:: EXTRACTED DATA ::
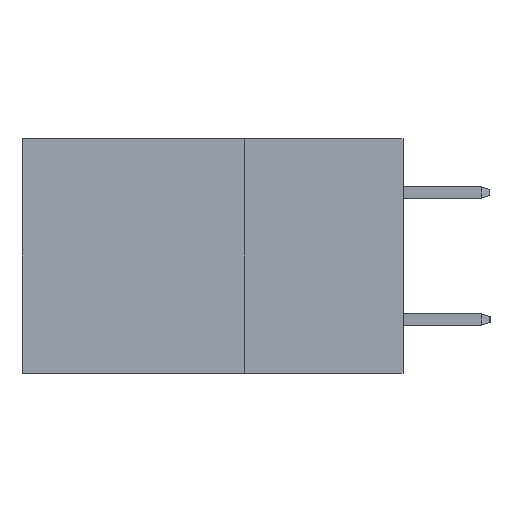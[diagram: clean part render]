
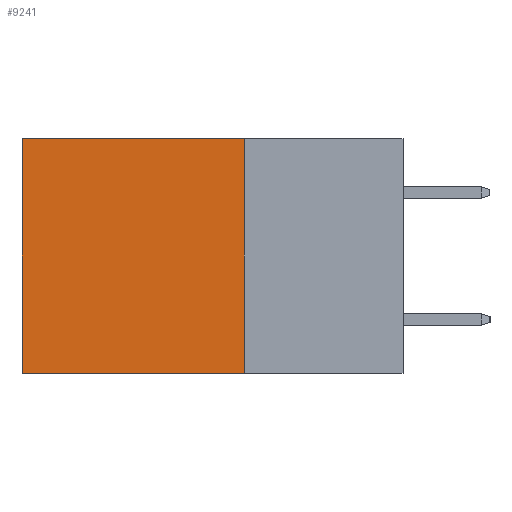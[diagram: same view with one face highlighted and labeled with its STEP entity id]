
A CAD part, left-side view. The second image highlights one B-rep face of the part: STEP entity #9241.
In plain terms, the highlighted planar face has unit normal (-1, 0, 0).
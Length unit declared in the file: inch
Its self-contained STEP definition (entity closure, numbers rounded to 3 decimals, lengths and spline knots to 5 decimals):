
#720 = PLANE ( 'NONE',  #12018 ) ;
#920 = DIRECTION ( 'NONE',  ( 1., 0., 0. ) ) ;
#1246 = DIRECTION ( 'NONE',  ( 0., 0., -1. ) ) ;
#1473 = CARTESIAN_POINT ( 'NONE',  ( 0.2875, 0.25, -0.37 ) ) ;
#1543 = CARTESIAN_POINT ( 'NONE',  ( 0.2875, 0.25, 0. ) ) ;
#1966 = EDGE_CURVE ( 'NONE', #8405, #9551, #9147, .T. ) ;
#2069 = LINE ( 'NONE', #6449, #2455 ) ;
#2455 = VECTOR ( 'NONE', #3595, 39.37008 ) ;
#2724 = CARTESIAN_POINT ( 'NONE',  ( 0.2875, 0.25, 0. ) ) ;
#3086 = DIRECTION ( 'NONE',  ( 0., 1., 0. ) ) ;
#3595 = DIRECTION ( 'NONE',  ( 0., 0., -1. ) ) ;
#4054 = DIRECTION ( 'NONE',  ( 0., 1., 0. ) ) ;
#4837 = CARTESIAN_POINT ( 'NONE',  ( 0.2875, 0.6, -0.37 ) ) ;
#5354 = CARTESIAN_POINT ( 'NONE',  ( 0.2875, 0.25, -0.37 ) ) ;
#5483 = FACE_OUTER_BOUND ( 'NONE', #14640, .T. ) ;
#5555 = VECTOR ( 'NONE', #3086, 39.37008 ) ;
#6336 = ORIENTED_EDGE ( 'NONE', *, *, #10364, .F. ) ;
#6366 = CARTESIAN_POINT ( 'NONE',  ( 0.2875, 0.6, 0. ) ) ;
#6449 = CARTESIAN_POINT ( 'NONE',  ( 0.2875, 0.6, 0. ) ) ;
#7653 = VECTOR ( 'NONE', #1246, 39.37008 ) ;
#7864 = LINE ( 'NONE', #1473, #5555 ) ;
#8405 = VERTEX_POINT ( 'NONE', #16429 ) ;
#9147 = LINE ( 'NONE', #1543, #7653 ) ;
#9241 = ADVANCED_FACE ( 'NONE', ( #5483 ), #720, .F. ) ;
#9429 = EDGE_CURVE ( 'NONE', #8405, #16387, #10457, .T. ) ;
#9551 = VERTEX_POINT ( 'NONE', #5354 ) ;
#10364 = EDGE_CURVE ( 'NONE', #9551, #11234, #7864, .T. ) ;
#10457 = LINE ( 'NONE', #2724, #18869 ) ;
#11234 = VERTEX_POINT ( 'NONE', #4837 ) ;
#12018 = AXIS2_PLACEMENT_3D ( 'NONE', #17570, #920, #13012 ) ;
#13012 = DIRECTION ( 'NONE',  ( 0., 0., -1. ) ) ;
#13713 = ORIENTED_EDGE ( 'NONE', *, *, #9429, .T. ) ;
#14640 = EDGE_LOOP ( 'NONE', ( #17903, #6336, #18388, #13713 ) ) ;
#16387 = VERTEX_POINT ( 'NONE', #6366 ) ;
#16429 = CARTESIAN_POINT ( 'NONE',  ( 0.2875, 0.25, 0. ) ) ;
#16939 = EDGE_CURVE ( 'NONE', #16387, #11234, #2069, .T. ) ;
#17570 = CARTESIAN_POINT ( 'NONE',  ( 0.2875, 0.25, 0. ) ) ;
#17903 = ORIENTED_EDGE ( 'NONE', *, *, #16939, .T. ) ;
#18388 = ORIENTED_EDGE ( 'NONE', *, *, #1966, .F. ) ;
#18869 = VECTOR ( 'NONE', #4054, 39.37008 ) ;
:::
There is a run of lines above from the one with "#5354 = CARTESIAN_POINT" to the one with "#16939 = EDGE_CURVE"; print exactly that run, both ends included, and nothing else.

- _REPLY_
#5354 = CARTESIAN_POINT ( 'NONE',  ( 0.2875, 0.25, -0.37 ) ) ;
#5483 = FACE_OUTER_BOUND ( 'NONE', #14640, .T. ) ;
#5555 = VECTOR ( 'NONE', #3086, 39.37008 ) ;
#6336 = ORIENTED_EDGE ( 'NONE', *, *, #10364, .F. ) ;
#6366 = CARTESIAN_POINT ( 'NONE',  ( 0.2875, 0.6, 0. ) ) ;
#6449 = CARTESIAN_POINT ( 'NONE',  ( 0.2875, 0.6, 0. ) ) ;
#7653 = VECTOR ( 'NONE', #1246, 39.37008 ) ;
#7864 = LINE ( 'NONE', #1473, #5555 ) ;
#8405 = VERTEX_POINT ( 'NONE', #16429 ) ;
#9147 = LINE ( 'NONE', #1543, #7653 ) ;
#9241 = ADVANCED_FACE ( 'NONE', ( #5483 ), #720, .F. ) ;
#9429 = EDGE_CURVE ( 'NONE', #8405, #16387, #10457, .T. ) ;
#9551 = VERTEX_POINT ( 'NONE', #5354 ) ;
#10364 = EDGE_CURVE ( 'NONE', #9551, #11234, #7864, .T. ) ;
#10457 = LINE ( 'NONE', #2724, #18869 ) ;
#11234 = VERTEX_POINT ( 'NONE', #4837 ) ;
#12018 = AXIS2_PLACEMENT_3D ( 'NONE', #17570, #920, #13012 ) ;
#13012 = DIRECTION ( 'NONE',  ( 0., 0., -1. ) ) ;
#13713 = ORIENTED_EDGE ( 'NONE', *, *, #9429, .T. ) ;
#14640 = EDGE_LOOP ( 'NONE', ( #17903, #6336, #18388, #13713 ) ) ;
#16387 = VERTEX_POINT ( 'NONE', #6366 ) ;
#16429 = CARTESIAN_POINT ( 'NONE',  ( 0.2875, 0.25, 0. ) ) ;
#16939 = EDGE_CURVE ( 'NONE', #16387, #11234, #2069, .T. ) ;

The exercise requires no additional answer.